People are giving some good advice here, but everyone keeps telling her to pick it up several times. She's already said that she is scared of the animal. 

Hell, if someone told me to pick up a Tarantula, I wouldnt! Because im scared of them, and like that, she's scared of Beardies.


----------



## HanRed (May 28, 2010)

Spuddy said:


> Hell, if someone told me to pick up a Tarantula, I wouldnt!
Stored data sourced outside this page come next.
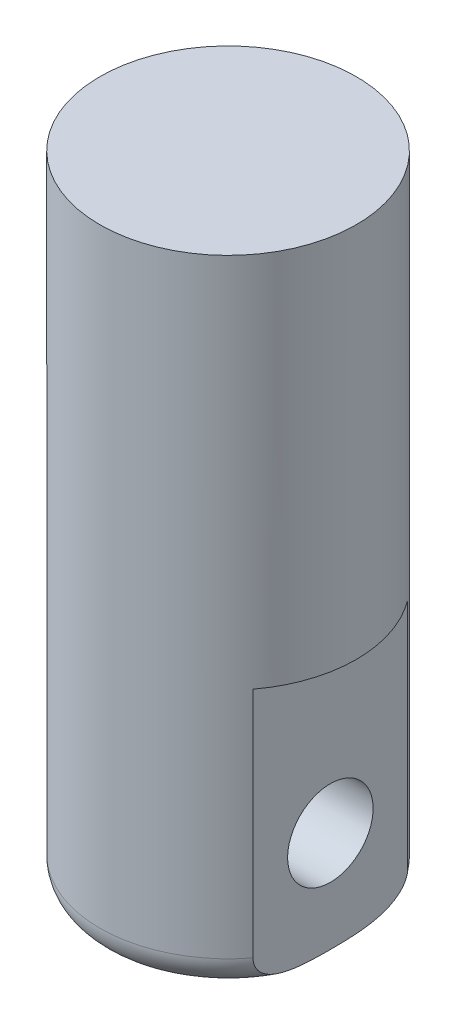
ISO-10303-21;
HEADER;
FILE_DESCRIPTION(('STEP AP214'),'2;1');
FILE_NAME('part.step','',(''),(''),'','','');
FILE_SCHEMA(('AUTOMOTIVE_DESIGN { 1 0 10303 214 1 1 1 1 }'));
ENDSEC;
DATA;
#1=APPLICATION_CONTEXT('core data for automotive mechanical design processes');
#2=APPLICATION_PROTOCOL_DEFINITION('international standard','automotive_design',2000,#1);
#3=PRODUCT_CONTEXT('',#1,'mechanical');
#4=PRODUCT('Part','Part','',(#3));
#5=PRODUCT_RELATED_PRODUCT_CATEGORY('part','',(#4));
#6=PRODUCT_DEFINITION_FORMATION('','',#4);
#7=PRODUCT_DEFINITION_CONTEXT('part definition',#1,'design');
#8=PRODUCT_DEFINITION('design','',#6,#7);
#9=PRODUCT_DEFINITION_SHAPE('','',#8);
#10=(LENGTH_UNIT() NAMED_UNIT(*) SI_UNIT(.MILLI.,.METRE.));
#11=(NAMED_UNIT(*) PLANE_ANGLE_UNIT() SI_UNIT($,.RADIAN.));
#12=(NAMED_UNIT(*) SI_UNIT($,.STERADIAN.) SOLID_ANGLE_UNIT());
#13=UNCERTAINTY_MEASURE_WITH_UNIT(LENGTH_MEASURE(1.E-05),#10,'distance_accuracy_value','');
#14=(GEOMETRIC_REPRESENTATION_CONTEXT(3) GLOBAL_UNCERTAINTY_ASSIGNED_CONTEXT((#13)) GLOBAL_UNIT_ASSIGNED_CONTEXT((#10,
#11,#12)) REPRESENTATION_CONTEXT('',''));
#15=CARTESIAN_POINT('',(0.,0.,0.));
#16=DIRECTION('',(0.,0.,1.));
#17=DIRECTION('',(1.,0.,0.));
#18=AXIS2_PLACEMENT_3D('',#15,#16,#17);
#19=CARTESIAN_POINT('',(0.,60.,0.));
#20=DIRECTION('',(0.,-1.,0.));
#21=DIRECTION('',(0.,0.,-1.));
#22=AXIS2_PLACEMENT_3D('',#19,#20,#21);
#23=CYLINDRICAL_SURFACE('',#22,12.);
#24=CARTESIAN_POINT('',(0.,24.7728953416858,0.));
#25=DIRECTION('',(0.,1.,0.));
#26=DIRECTION('',(0.,0.,1.));
#27=AXIS2_PLACEMENT_3D('',#24,#25,#26);
#28=CIRCLE('',#27,12.);
#29=CARTESIAN_POINT('',(9.57123656336734,24.7728953416858,7.2381924986878));
#30=VERTEX_POINT('',#29);
#31=CARTESIAN_POINT('',(9.57123656336734,24.7728953416858,-7.2381924986878));
#32=VERTEX_POINT('',#31);
#33=EDGE_CURVE('E13',#30,#32,#28,.T.);
#34=ORIENTED_EDGE('',*,*,#33,.T.);
#35=DIRECTION('',(0.,-1.,0.));
#36=VECTOR('',#35,1.);
#37=CARTESIAN_POINT('',(9.57123656336734,60.,-7.23819249868779));
#38=LINE('',#37,#36);
#39=CARTESIAN_POINT('',(9.57123656336733,3.,-7.2381924986878));
#40=VERTEX_POINT('',#39);
#41=EDGE_CURVE('E86',#32,#40,#38,.T.);
#42=ORIENTED_EDGE('',*,*,#41,.T.);
#43=CARTESIAN_POINT('',(0.,3.,0.));
#44=DIRECTION('',(0.,1.,0.));
#45=DIRECTION('',(0.,0.,1.));
#46=AXIS2_PLACEMENT_3D('',#43,#44,#45);
#47=CIRCLE('',#46,12.);
#48=CARTESIAN_POINT('',(-9.57123656336733,3.,-7.2381924986878));
#49=VERTEX_POINT('',#48);
#50=EDGE_CURVE('E68',#40,#49,#47,.T.);
#51=ORIENTED_EDGE('',*,*,#50,.T.);
#52=DIRECTION('',(0.,-1.,0.));
#53=VECTOR('',#52,1.);
#54=CARTESIAN_POINT('',(-9.57123656336734,60.,-7.23819249868779));
#55=LINE('',#54,#53);
#56=CARTESIAN_POINT('',(-9.57123656336734,24.7728953416858,-7.23819249868779));
#57=VERTEX_POINT('',#56);
#58=EDGE_CURVE('E106',#49,#57,#55,.F.);
#59=ORIENTED_EDGE('',*,*,#58,.T.);
#60=CARTESIAN_POINT('',(0.,24.7728953416858,0.));
#61=DIRECTION('',(0.,1.,0.));
#62=DIRECTION('',(0.,0.,1.));
#63=AXIS2_PLACEMENT_3D('',#60,#61,#62);
#64=CIRCLE('',#63,12.);
#65=CARTESIAN_POINT('',(-9.57123656336734,24.7728953416858,7.23819249868779));
#66=VERTEX_POINT('',#65);
#67=EDGE_CURVE('E122',#57,#66,#64,.T.);
#68=ORIENTED_EDGE('',*,*,#67,.T.);
#69=DIRECTION('',(0.,-1.,0.));
#70=VECTOR('',#69,1.);
#71=CARTESIAN_POINT('',(-9.57123656336734,60.,7.23819249868779));
#72=LINE('',#71,#70);
#73=CARTESIAN_POINT('',(-9.57123656336733,3.,7.2381924986878));
#74=VERTEX_POINT('',#73);
#75=EDGE_CURVE('E108',#66,#74,#72,.T.);
#76=ORIENTED_EDGE('',*,*,#75,.T.);
#77=CARTESIAN_POINT('',(9.57123656336733,3.,7.2381924986878));
#78=VERTEX_POINT('',#77);
#79=EDGE_CURVE('E100',#74,#78,#47,.T.);
#80=ORIENTED_EDGE('',*,*,#79,.T.);
#81=DIRECTION('',(0.,-1.,0.));
#82=VECTOR('',#81,1.);
#83=CARTESIAN_POINT('',(9.57123656336734,60.,7.23819249868779));
#84=LINE('',#83,#82);
#85=EDGE_CURVE('E60',#78,#30,#84,.F.);
#86=ORIENTED_EDGE('',*,*,#85,.T.);
#87=EDGE_LOOP('',(#34,#42,#51,#59,#68,#76,#80,#86));
#88=FACE_BOUND('',#87,.T.);
#89=CARTESIAN_POINT('',(0.,60.,0.));
#90=DIRECTION('',(0.,1.,0.));
#91=DIRECTION('',(0.,0.,1.));
#92=AXIS2_PLACEMENT_3D('',#89,#90,#91);
#93=CIRCLE('',#92,12.);
#94=CARTESIAN_POINT('',(0.,60.,12.));
#95=VERTEX_POINT('',#94);
#96=EDGE_CURVE('E110',#95,#95,#93,.T.);
#97=ORIENTED_EDGE('',*,*,#96,.F.);
#98=EDGE_LOOP('',(#97));
#99=FACE_BOUND('',#98,.T.);
#100=ADVANCED_FACE('F43',(#88,#99),#23,.T.);
#101=CARTESIAN_POINT('',(0.,60.,0.));
#102=DIRECTION('',(0.,1.,0.));
#103=DIRECTION('',(0.,0.,1.));
#104=AXIS2_PLACEMENT_3D('',#101,#102,#103);
#105=PLANE('',#104);
#106=ORIENTED_EDGE('',*,*,#96,.T.);
#107=EDGE_LOOP('',(#106));
#108=FACE_BOUND('',#107,.T.);
#109=ADVANCED_FACE('F132',(#108),#105,.T.);
#110=CARTESIAN_POINT('',(0.,0.,0.));
#111=DIRECTION('',(0.,1.,0.));
#112=DIRECTION('',(0.,0.,1.));
#113=AXIS2_PLACEMENT_3D('',#110,#111,#112);
#114=PLANE('',#113);
#115=CARTESIAN_POINT('',(0.,0.,0.));
#116=DIRECTION('',(0.,1.,0.));
#117=DIRECTION('',(0.,0.,1.));
#118=AXIS2_PLACEMENT_3D('',#115,#116,#117);
#119=CIRCLE('',#118,9.);
#120=CARTESIAN_POINT('',(0.,0.,9.));
#121=VERTEX_POINT('',#120);
#122=EDGE_CURVE('E114',#121,#121,#119,.F.);
#123=ORIENTED_EDGE('',*,*,#122,.T.);
#124=EDGE_LOOP('',(#123));
#125=FACE_BOUND('',#124,.T.);
#126=ADVANCED_FACE('F135',(#125),#114,.F.);
#127=CARTESIAN_POINT('',(0.,3.,0.));
#128=DIRECTION('',(0.,1.,0.));
#129=DIRECTION('',(0.,0.,1.));
#130=AXIS2_PLACEMENT_3D('',#127,#128,#129);
#131=TOROIDAL_SURFACE('',#130,9.,3.);
#132=CARTESIAN_POINT('',(9.57123656336733,0.0548873045887925,0.));
#133=CARTESIAN_POINT('',(9.57123656336733,0.0548869468945749,-0.155465034929481));
#134=CARTESIAN_POINT('',(9.57123656336733,0.0556147680681275,-0.310930133099451));
#135=CARTESIAN_POINT('',(9.57123656336733,0.058610709002801,-0.62184773540606));
#136=CARTESIAN_POINT('',(9.57123656336733,0.0608788458463625,-0.777300239383904));
#137=CARTESIAN_POINT('',(9.57123656336733,0.0672121364854791,-1.08822388517824));
#138=CARTESIAN_POINT('',(9.57123656336733,0.0712779133085758,-1.24369501475731));
#139=CARTESIAN_POINT('',(9.57123656336733,0.0816285158465251,-1.55457008641294));
#140=CARTESIAN_POINT('',(9.57123656336733,0.0879134028516704,-1.70997402651507));
#141=CARTESIAN_POINT('',(9.57123656336733,0.103276245255734,-2.02044593965249));
#142=CARTESIAN_POINT('',(9.57123656336733,0.112350572036839,-2.17551408712386));
#143=CARTESIAN_POINT('',(9.57123656336733,0.134033508303668,-2.48539847302015));
#144=CARTESIAN_POINT('',(9.57123656336733,0.146641868484907,-2.64021472843995));
#145=CARTESIAN_POINT('',(9.57123656336733,0.176279036230797,-2.94933060029504));
#146=CARTESIAN_POINT('',(9.57123656336733,0.193304951945146,-3.10363048807499));
#147=CARTESIAN_POINT('',(9.57123656336733,0.23282988250685,-3.41151750344136));
#148=CARTESIAN_POINT('',(9.57123656336733,0.255328006068026,-3.56510474295315));
#149=CARTESIAN_POINT('',(9.57123656336733,0.30074241429041,-3.83400419968946));
#150=CARTESIAN_POINT('',(9.57123656336733,0.322230575740359,-3.94955442035602));
#151=CARTESIAN_POINT('',(9.57123656336733,0.369643686131024,-4.17973425821697));
#152=CARTESIAN_POINT('',(9.57123656336733,0.395568890279045,-4.29436382206028));
#153=CARTESIAN_POINT('',(9.57123656336733,0.481056115865391,-4.63674663826659));
#154=CARTESIAN_POINT('',(9.57123656336733,0.548289047789931,-4.86273473418383));
#155=CARTESIAN_POINT('',(9.57123656336733,0.669394620667852,-5.19581672353117));
#156=CARTESIAN_POINT('',(9.57123656336733,0.713453557515262,-5.30648246857109));
#157=CARTESIAN_POINT('',(9.57123656336733,0.80920030673028,-5.52445069679091));
#158=CARTESIAN_POINT('',(9.57123656336733,0.860889877186831,-5.63175239797343));
#159=CARTESIAN_POINT('',(9.57123656336733,1.0285319995107,-5.94637714385166));
#160=CARTESIAN_POINT('',(9.57123656336733,1.15738658111845,-6.14738563068559));
#161=CARTESIAN_POINT('',(9.57123656336733,1.39081637504733,-6.43671801111573));
#162=CARTESIAN_POINT('',(9.57123656336733,1.48170174257977,-6.53611649147816));
#163=CARTESIAN_POINT('',(9.57123656336733,1.67717269858274,-6.72068413664232));
#164=CARTESIAN_POINT('',(9.57123656336733,1.78175762185569,-6.80585399187461));
#165=CARTESIAN_POINT('',(9.57123656336733,2.00546907953204,-6.95799869140096));
#166=CARTESIAN_POINT('',(9.57123656336733,2.12475342640024,-7.02474566261939));
#167=CARTESIAN_POINT('',(9.57123656336733,2.37426860925152,-7.13310714426173));
#168=CARTESIAN_POINT('',(9.57123656336733,2.50448044669186,-7.17476428520775));
#169=CARTESIAN_POINT('',(9.57123656336733,2.75158403542274,-7.22478501770622));
#170=CARTESIAN_POINT('',(9.57123656336733,2.86767866594206,-7.23709235136449));
#171=CARTESIAN_POINT('',(9.57123656336733,3.10005546404701,-7.23914881502486));
#172=CARTESIAN_POINT('',(9.57123656336733,3.21633753299819,-7.22890736899095));
#173=CARTESIAN_POINT('',(9.57123656336733,3.43130489371198,-7.18930968998276));
#174=CARTESIAN_POINT('',(9.57123656336733,3.53044683218177,-7.162353049238));
#175=CARTESIAN_POINT('',(9.57123656336733,3.7232865338967,-7.09337228616591));
#176=CARTESIAN_POINT('',(9.57123656336733,3.81698337974559,-7.05134563332673));
#177=CARTESIAN_POINT('',(9.57123656336733,4.02728987625577,-6.9383445281493));
#178=CARTESIAN_POINT('',(9.57123656336733,4.14122331365471,-6.86239298587672));
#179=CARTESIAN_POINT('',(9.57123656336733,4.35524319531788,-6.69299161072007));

Because im scared of them, and like that, she's scared of Beardies.


same here. 
it's not as easy as it sounds picking up a beardie especially if ya don't really know how to handle them. took me a little while to get a technique of picking up skittles.

glad he's not dead ...was worried for a while there. 
if i was in your shoes i'd phone your partner and ask what to do...maybe he's done it before.
but obviously he's not dead :-D


----------



## nicola171 (Jun 14, 2010)

i will build my confiedence up and pick him up eventually,its took me 2weeks 2 b able to feed it crickets(with very long twezzers)its not the bearded dragon im actually scared off its how small and fast he is,im the same with all small animals... for now im fine with my boyfriend doing it,he seems fine now like nothing was ever wrong,thanks for the advice it really scared me...hes never acted like that b4 and gone all stiff so it was all new to me.


----------



## HanRed (May 28, 2010)

nicola171 said:


> i will build my confiedence up and pick him up eventually,its took me 2weeks 2 b able to feed it crickets(with very long twezzers)its not the bearded dragon im actually scared off its how small and fast he is,im the same with all small animals... for now im fine with my boyfriend doing it,he seems fine now like nothing was ever wrong,thanks for the advice it really scared me...hes never acted like that b4 and gone all stiff so it was all new to me.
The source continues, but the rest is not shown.